Of all the lines in the entries below, give again exactly those starting at the line containing "#92=DIRECTION('',(1.,0.,0.));" and ending at the line containing "#108=EDGE_CURVE('E105',#107,#107,#105,.T.);", both ends included, and no others.

** Data shown follows **

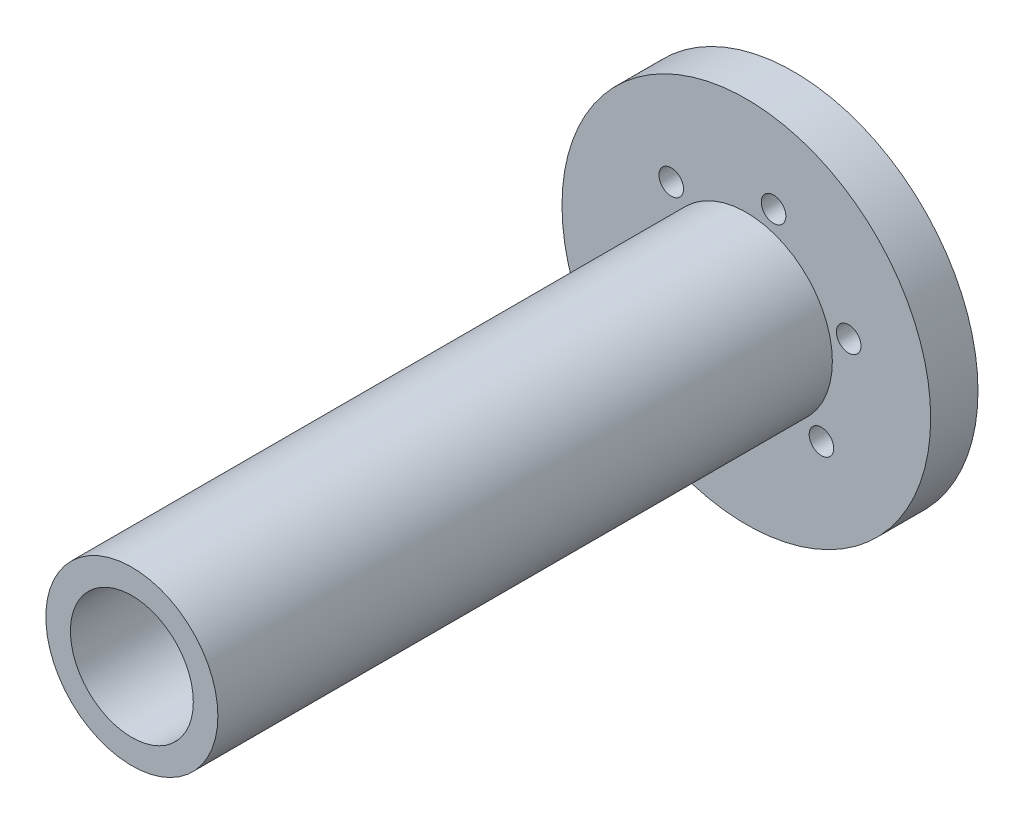
ISO-10303-21;
HEADER;
FILE_DESCRIPTION(('STEP AP214'),'2;1');
FILE_NAME('part.step','',(''),(''),'','','');
FILE_SCHEMA(('AUTOMOTIVE_DESIGN { 1 0 10303 214 1 1 1 1 }'));
ENDSEC;
DATA;
#1=APPLICATION_CONTEXT('core data for automotive mechanical design processes');
#2=APPLICATION_PROTOCOL_DEFINITION('international standard','automotive_design',2000,#1);
#3=PRODUCT_CONTEXT('',#1,'mechanical');
#4=PRODUCT('Part','Part','',(#3));
#5=PRODUCT_RELATED_PRODUCT_CATEGORY('part','',(#4));
#6=PRODUCT_DEFINITION_FORMATION('','',#4);
#7=PRODUCT_DEFINITION_CONTEXT('part definition',#1,'design');
#8=PRODUCT_DEFINITION('design','',#6,#7);
#9=PRODUCT_DEFINITION_SHAPE('','',#8);
#10=(LENGTH_UNIT() NAMED_UNIT(*) SI_UNIT(.MILLI.,.METRE.));
#11=(NAMED_UNIT(*) PLANE_ANGLE_UNIT() SI_UNIT($,.RADIAN.));
#12=(NAMED_UNIT(*) SI_UNIT($,.STERADIAN.) SOLID_ANGLE_UNIT());
#13=UNCERTAINTY_MEASURE_WITH_UNIT(LENGTH_MEASURE(1.E-05),#10,'distance_accuracy_value','');
#14=(GEOMETRIC_REPRESENTATION_CONTEXT(3) GLOBAL_UNCERTAINTY_ASSIGNED_CONTEXT((#13)) GLOBAL_UNIT_ASSIGNED_CONTEXT((#10,
#11,#12)) REPRESENTATION_CONTEXT('',''));
#15=CARTESIAN_POINT('',(0.,0.,0.));
#16=DIRECTION('',(0.,0.,1.));
#17=DIRECTION('',(1.,0.,0.));
#18=AXIS2_PLACEMENT_3D('',#15,#16,#17);
#19=CARTESIAN_POINT('',(0.,0.,7.7));
#20=DIRECTION('',(0.,0.,1.));
#21=DIRECTION('',(1.,0.,0.));
#22=AXIS2_PLACEMENT_3D('',#19,#20,#21);
#23=PLANE('',#22);
#24=CARTESIAN_POINT('',(-12.2236453960304,12.1714827869124,7.7));
#25=DIRECTION('',(0.,0.,1.));
#26=DIRECTION('',(1.,0.,0.));
#27=AXIS2_PLACEMENT_3D('',#24,#25,#26);
#28=CIRCLE('',#27,2.);
#29=CARTESIAN_POINT('',(-10.2236453960304,12.1714827869124,7.7));
#30=VERTEX_POINT('',#29);
#31=EDGE_CURVE('E67',#30,#30,#28,.T.);
#32=ORIENTED_EDGE('',*,*,#31,.F.);
#33=EDGE_LOOP('',(#32));
#34=FACE_BOUND('',#33,.T.);
#35=CARTESIAN_POINT('',(-16.6526359932063,-4.5002460463589,7.7));
#36=DIRECTION('',(0.,0.,1.));
#37=DIRECTION('',(1.,0.,0.));
#38=AXIS2_PLACEMENT_3D('',#35,#36,#37);
#39=CIRCLE('',#38,2.);
#40=CARTESIAN_POINT('',(-14.6526359932063,-4.5002460463589,7.7));
#41=VERTEX_POINT('',#40);
#42=EDGE_CURVE('E74',#41,#41,#39,.T.);
#43=ORIENTED_EDGE('',*,*,#42,.F.);
#44=EDGE_LOOP('',(#43));
#45=FACE_BOUND('',#44,.T.);
#46=CARTESIAN_POINT('',(-4.42899059717584,-16.6717288332712,7.7));
#47=DIRECTION('',(0.,0.,1.));
#48=DIRECTION('',(1.,0.,0.));
#49=AXIS2_PLACEMENT_3D('',#46,#47,#48);
#50=CIRCLE('',#49,2.);
#51=CARTESIAN_POINT('',(-2.42899059717584,-16.6717288332712,7.7));
#52=VERTEX_POINT('',#51);
#53=EDGE_CURVE('E80',#52,#52,#50,.T.);
#54=ORIENTED_EDGE('',*,*,#53,.F.);
#55=EDGE_LOOP('',(#54));
#56=FACE_BOUND('',#55,.T.);
#57=CARTESIAN_POINT('',(12.2236453960305,-12.1714827869123,7.7));
#58=DIRECTION('',(0.,0.,1.));
#59=DIRECTION('',(1.,0.,0.));
#60=AXIS2_PLACEMENT_3D('',#57,#58,#59);
#61=CIRCLE('',#60,2.);
#62=CARTESIAN_POINT('',(14.2236453960305,-12.1714827869123,7.7));
#63=VERTEX_POINT('',#62);
#64=EDGE_CURVE('E86',#63,#63,#61,.T.);
#65=ORIENTED_EDGE('',*,*,#64,.F.);
#66=EDGE_LOOP('',(#65));
#67=FACE_BOUND('',#66,.T.);
#68=CARTESIAN_POINT('',(16.6526359932063,4.50024604635901,7.7));
#69=DIRECTION('',(0.,0.,1.));
#70=DIRECTION('',(1.,0.,0.));
#71=AXIS2_PLACEMENT_3D('',#68,#69,#70);
#72=CIRCLE('',#71,2.);
#73=CARTESIAN_POINT('',(18.6526359932063,4.50024604635901,7.7));
#74=VERTEX_POINT('',#73);
#75=EDGE_CURVE('E92',#74,#74,#72,.T.);
#76=ORIENTED_EDGE('',*,*,#75,.F.);
#77=EDGE_LOOP('',(#76));
#78=FACE_BOUND('',#77,.T.);
#79=CARTESIAN_POINT('',(4.42899059717572,16.6717288332713,7.7));
#80=DIRECTION('',(0.,0.,1.));
#81=DIRECTION('',(1.,0.,0.));
#82=AXIS2_PLACEMENT_3D('',#79,#80,#81);
#83=CIRCLE('',#82,2.);
#84=CARTESIAN_POINT('',(6.42899059717573,16.6717288332713,7.7));
#85=VERTEX_POINT('',#84);
#86=EDGE_CURVE('E61',#85,#85,#83,.T.);
#87=ORIENTED_EDGE('',*,*,#86,.F.);
#88=EDGE_LOOP('',(#87));
#89=FACE_BOUND('',#88,.T.);
#90=CARTESIAN_POINT('',(0.,0.,7.7));
#91=DIRECTION('',(0.,0.,1.));
#92=DIRECTION('',(1.,0.,0.));
#93=AXIS2_PLACEMENT_3D('',#90,#91,#92);
#94=CIRCLE('',#93,14.);
#95=CARTESIAN_POINT('',(14.,0.,7.7));
#96=VERTEX_POINT('',#95);
#97=EDGE_CURVE('E97',#96,#96,#94,.T.);
#98=ORIENTED_EDGE('',*,*,#97,.F.);
#99=EDGE_LOOP('',(#98));
#100=FACE_BOUND('',#99,.T.);
#101=CARTESIAN_POINT('',(0.,0.,7.7));
#102=DIRECTION('',(0.,0.,1.));
#103=DIRECTION('',(1.,0.,0.));
#104=AXIS2_PLACEMENT_3D('',#101,#102,#103);
#105=CIRCLE('',#104,30.);
#106=CARTESIAN_POINT('',(30.,0.,7.7));
#107=VERTEX_POINT('',#106);
#108=EDGE_CURVE('E105',#107,#107,#105,.T.);
#109=ORIENTED_EDGE('',*,*,#108,.T.);
#110=EDGE_LOOP('',(#109));
#111=FACE_BOUND('',#110,.T.);
#112=ADVANCED_FACE('F49',(#34,#45,#56,#67,#78,#89,#100,#111),#23,.T.);
#113=CARTESIAN_POINT('',(0.,0.,0.));
#114=DIRECTION('',(0.,0.,1.));
#115=DIRECTION('',(1.,0.,0.));
#116=AXIS2_PLACEMENT_3D('',#113,#114,#115);
#117=PLANE('',#116);
#118=CARTESIAN_POINT('',(-12.2236453960304,12.1714827869124,0.));
#119=DIRECTION('',(0.,0.,1.));
#120=DIRECTION('',(1.,0.,0.));
#121=AXIS2_PLACEMENT_3D('',#118,#119,#120);
#122=CIRCLE('',#121,2.);
#123=CARTESIAN_POINT('',(-10.2236453960304,12.1714827869124,0.));
#124=VERTEX_POINT('',#123);
#125=EDGE_CURVE('E64',#124,#124,#122,.T.);
#126=ORIENTED_EDGE('',*,*,#125,.T.);
#127=EDGE_LOOP('',(#126));
#128=FACE_BOUND('',#127,.T.);
#129=CARTESIAN_POINT('',(-16.6526359932063,-4.5002460463589,0.));
#130=DIRECTION('',(0.,0.,1.));
#131=DIRECTION('',(1.,0.,0.));
#132=AXIS2_PLACEMENT_3D('',#129,#130,#131);
#133=CIRCLE('',#132,2.);
#134=CARTESIAN_POINT('',(-14.6526359932063,-4.5002460463589,0.));
#135=VERTEX_POINT('',#134);
#136=EDGE_CURVE('E71',#135,#135,#133,.T.);
#137=ORIENTED_EDGE('',*,*,#136,.T.);
#138=EDGE_LOOP('',(#137));
#139=FACE_BOUND('',#138,.T.);
#140=CARTESIAN_POINT('',(-4.42899059717584,-16.6717288332712,0.));
#141=DIRECTION('',(0.,0.,1.));
#142=DIRECTION('',(1.,0.,0.));
#143=AXIS2_PLACEMENT_3D('',#140,#141,#142);
#144=CIRCLE('',#143,2.);
#145=CARTESIAN_POINT('',(-2.42899059717584,-16.6717288332712,0.));
#146=VERTEX_POINT('',#145);
#147=EDGE_CURVE('E77',#146,#146,#144,.T.);
#148=ORIENTED_EDGE('',*,*,#147,.T.);
#149=EDGE_LOOP('',(#148));
#150=FACE_BOUND('',#149,.T.);
#151=CARTESIAN_POINT('',(12.2236453960305,-12.1714827869123,0.));
#152=DIRECTION('',(0.,0.,1.));
#153=DIRECTION('',(1.,0.,0.));
#154=AXIS2_PLACEMENT_3D('',#151,#152,#153);
#155=CIRCLE('',#154,2.);
#156=CARTESIAN_POINT('',(14.2236453960305,-12.1714827869123,0.));
#157=VERTEX_POINT('',#156);
#158=EDGE_CURVE('E83',#157,#157,#155,.T.);
#159=ORIENTED_EDGE('',*,*,#158,.T.);
#160=EDGE_LOOP('',(#159));
#161=FACE_BOUND('',#160,.T.);
#162=CARTESIAN_POINT('',(16.6526359932063,4.50024604635901,0.));
#163=DIRECTION('',(0.,0.,1.));
#164=DIRECTION('',(1.,0.,0.));
#165=AXIS2_PLACEMENT_3D('',#162,#163,#164);
#166=CIRCLE('',#165,2.);
#167=CARTESIAN_POINT('',(18.6526359932063,4.50024604635901,0.));
#168=VERTEX_POINT('',#167);
#169=EDGE_CURVE('E89',#168,#168,#166,.T.);
#170=ORIENTED_EDGE('',*,*,#169,.T.);
#171=EDGE_LOOP('',(#170));
#172=FACE_BOUND('',#171,.T.);
#173=CARTESIAN_POINT('',(4.42899059717572,16.6717288332713,0.));
#174=DIRECTION('',(0.,0.,1.));
#175=DIRECTION('',(1.,0.,0.));
#176=AXIS2_PLACEMENT_3D('',#173,#174,#175);
#177=CIRCLE('',#176,2.);
#178=CARTESIAN_POINT('',(6.42899059717573,16.6717288332713,0.));
#179=VERTEX_POINT('',#178);
#180=EDGE_CURVE('E57',#179,#179,#177,.T.);
#181=ORIENTED_EDGE('',*,*,#180,.T.);
#182=EDGE_LOOP('',(#181));
#183=FACE_BOUND('',#182,.T.);
#184=CARTESIAN_POINT('',(0.,0.,0.));
#185=DIRECTION('',(0.,0.,1.));
#186=DIRECTION('',(1.,0.,0.));
#187=AXIS2_PLACEMENT_3D('',#184,#185,#186);
#188=CIRCLE('',#187,30.);
#189=CARTESIAN_POINT('',(30.,0.,0.));
#190=VERTEX_POINT('',#189);
#191=EDGE_CURVE('E53',#190,#190,#188,.T.);
#192=ORIENTED_EDGE('',*,*,#191,.F.);
#193=EDGE_LOOP('',(#192));
#194=FACE_BOUND('',#193,.T.);
#195=ADVANCED_FACE('F51',(#128,#139,#150,#161,#172,#183,#194),#117,.F.);
#196=CARTESIAN_POINT('',(-12.2236453960304,12.1714827869124,0.));
#197=DIRECTION('',(0.,0.,1.));
#198=DIRECTION('',(1.,0.,0.));
#199=AXIS2_PLACEMENT_3D('',#196,#197,#198);
#200=CYLINDRICAL_SURFACE('',#199,2.);
#201=CARTESIAN_POINT('',(-10.2236453960304,12.1714827869124,0.));
#202=CARTESIAN_POINT('',(-10.2236453960304,12.1714827869124,0.0802083333333334));
#203=CARTESIAN_POINT('',(-10.2236453960304,12.1714827869124,0.160416666666667));
#204=CARTESIAN_POINT('',(-10.2236453960304,12.1714827869124,0.320833333333333));
#205=CARTESIAN_POINT('',(-10.2236453960304,12.1714827869124,0.401041666666667));
#206=CARTESIAN_POINT('',(-10.2236453960304,12.1714827869124,0.561458333333333));
#207=CARTESIAN_POINT('',(-10.2236453960304,12.1714827869124,0.641666666666667));
#208=CARTESIAN_POINT('',(-10.2236453960304,12.1714827869124,0.802083333333333));
#209=CARTESIAN_POINT('',(-10.2236453960304,12.1714827869124,0.882291666666667));
#210=CARTESIAN_POINT('',(-10.2236453960304,12.1714827869124,1.04270833333333));
#211=CARTESIAN_POINT('',(-10.2236453960304,12.1714827869124,1.12291666666667));
#212=CARTESIAN_POINT('',(-10.2236453960304,12.1714827869124,1.28333333333333));
#213=CARTESIAN_POINT('',(-10.2236453960304,12.1714827869124,1.36354166666667));
#214=CARTESIAN_POINT('',(-10.2236453960304,12.1714827869124,1.52395833333333));
#215=CARTESIAN_POINT('',(-10.2236453960304,12.1714827869124,1.60416666666667));
#216=CARTESIAN_POINT('',(-10.2236453960304,12.1714827869124,1.76458333333333));
#217=CARTESIAN_POINT('',(-10.2236453960304,12.1714827869124,1.84479166666667));
#218=CARTESIAN_POINT('',(-10.2236453960304,12.1714827869124,2.00520833333333));
#219=CARTESIAN_POINT('',(-10.2236453960304,12.1714827869124,2.08541666666667));
#220=CARTESIAN_POINT('',(-10.2236453960304,12.1714827869124,2.24583333333333));
#221=CARTESIAN_POINT('',(-10.2236453960304,12.1714827869124,2.32604166666667));
#222=CARTESIAN_POINT('',(-10.2236453960304,12.1714827869124,2.48645833333333));
#223=CARTESIAN_POINT('',(-10.2236453960304,12.1714827869124,2.56666666666667));
#224=CARTESIAN_POINT('',(-10.2236453960304,12.1714827869124,2.72708333333333));
#225=CARTESIAN_POINT('',(-10.2236453960304,12.1714827869124,2.80729166666667));
#226=CARTESIAN_POINT('',(-10.2236453960304,12.1714827869124,2.96770833333333));
#227=CARTESIAN_POINT('',(-10.2236453960304,12.1714827869124,3.04791666666667));
#228=CARTESIAN_POINT('',(-10.2236453960304,12.1714827869124,3.20833333333333));
#229=CARTESIAN_POINT('',(-10.2236453960304,12.1714827869124,3.28854166666667));
#230=CARTESIAN_POINT('',(-10.2236453960304,12.1714827869124,3.44895833333333));
#231=CARTESIAN_POINT('',(-10.2236453960304,12.1714827869124,3.52916666666667));
#232=CARTESIAN_POINT('',(-10.2236453960304,12.1714827869124,3.68958333333333));
#233=CARTESIAN_POINT('',(-10.2236453960304,12.1714827869124,3.76979166666667));
#234=CARTESIAN_POINT('',(-10.2236453960304,12.1714827869124,3.93020833333333));
#235=CARTESIAN_POINT('',(-10.2236453960304,12.1714827869124,4.01041666666667));
#236=CARTESIAN_POINT('',(-10.2236453960304,12.1714827869124,4.17083333333333));
#237=CARTESIAN_POINT('',(-10.2236453960304,12.1714827869124,4.25104166666667));
#238=CARTESIAN_POINT('',(-10.2236453960304,12.1714827869124,4.41145833333333));
#239=CARTESIAN_POINT('',(-10.2236453960304,12.1714827869124,4.49166666666667));
#240=CARTESIAN_POINT('',(-10.2236453960304,12.1714827869124,4.65208333333333));
#241=CARTESIAN_POINT('',(-10.2236453960304,12.1714827869124,4.73229166666667));
#242=CARTESIAN_POINT('',(-10.2236453960304,12.1714827869124,4.89270833333333));
#243=CARTESIAN_POINT('',(-10.2236453960304,12.1714827869124,4.97291666666667));
#244=CARTESIAN_POINT('',(-10.2236453960304,12.1714827869124,5.13333333333333));
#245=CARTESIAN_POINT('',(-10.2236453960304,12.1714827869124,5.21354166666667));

** End of Data shown **

### Task result
#92=DIRECTION('',(1.,0.,0.));
#93=AXIS2_PLACEMENT_3D('',#90,#91,#92);
#94=CIRCLE('',#93,14.);
#95=CARTESIAN_POINT('',(14.,0.,7.7));
#96=VERTEX_POINT('',#95);
#97=EDGE_CURVE('E97',#96,#96,#94,.T.);
#98=ORIENTED_EDGE('',*,*,#97,.F.);
#99=EDGE_LOOP('',(#98));
#100=FACE_BOUND('',#99,.T.);
#101=CARTESIAN_POINT('',(0.,0.,7.7));
#102=DIRECTION('',(0.,0.,1.));
#103=DIRECTION('',(1.,0.,0.));
#104=AXIS2_PLACEMENT_3D('',#101,#102,#103);
#105=CIRCLE('',#104,30.);
#106=CARTESIAN_POINT('',(30.,0.,7.7));
#107=VERTEX_POINT('',#106);
#108=EDGE_CURVE('E105',#107,#107,#105,.T.);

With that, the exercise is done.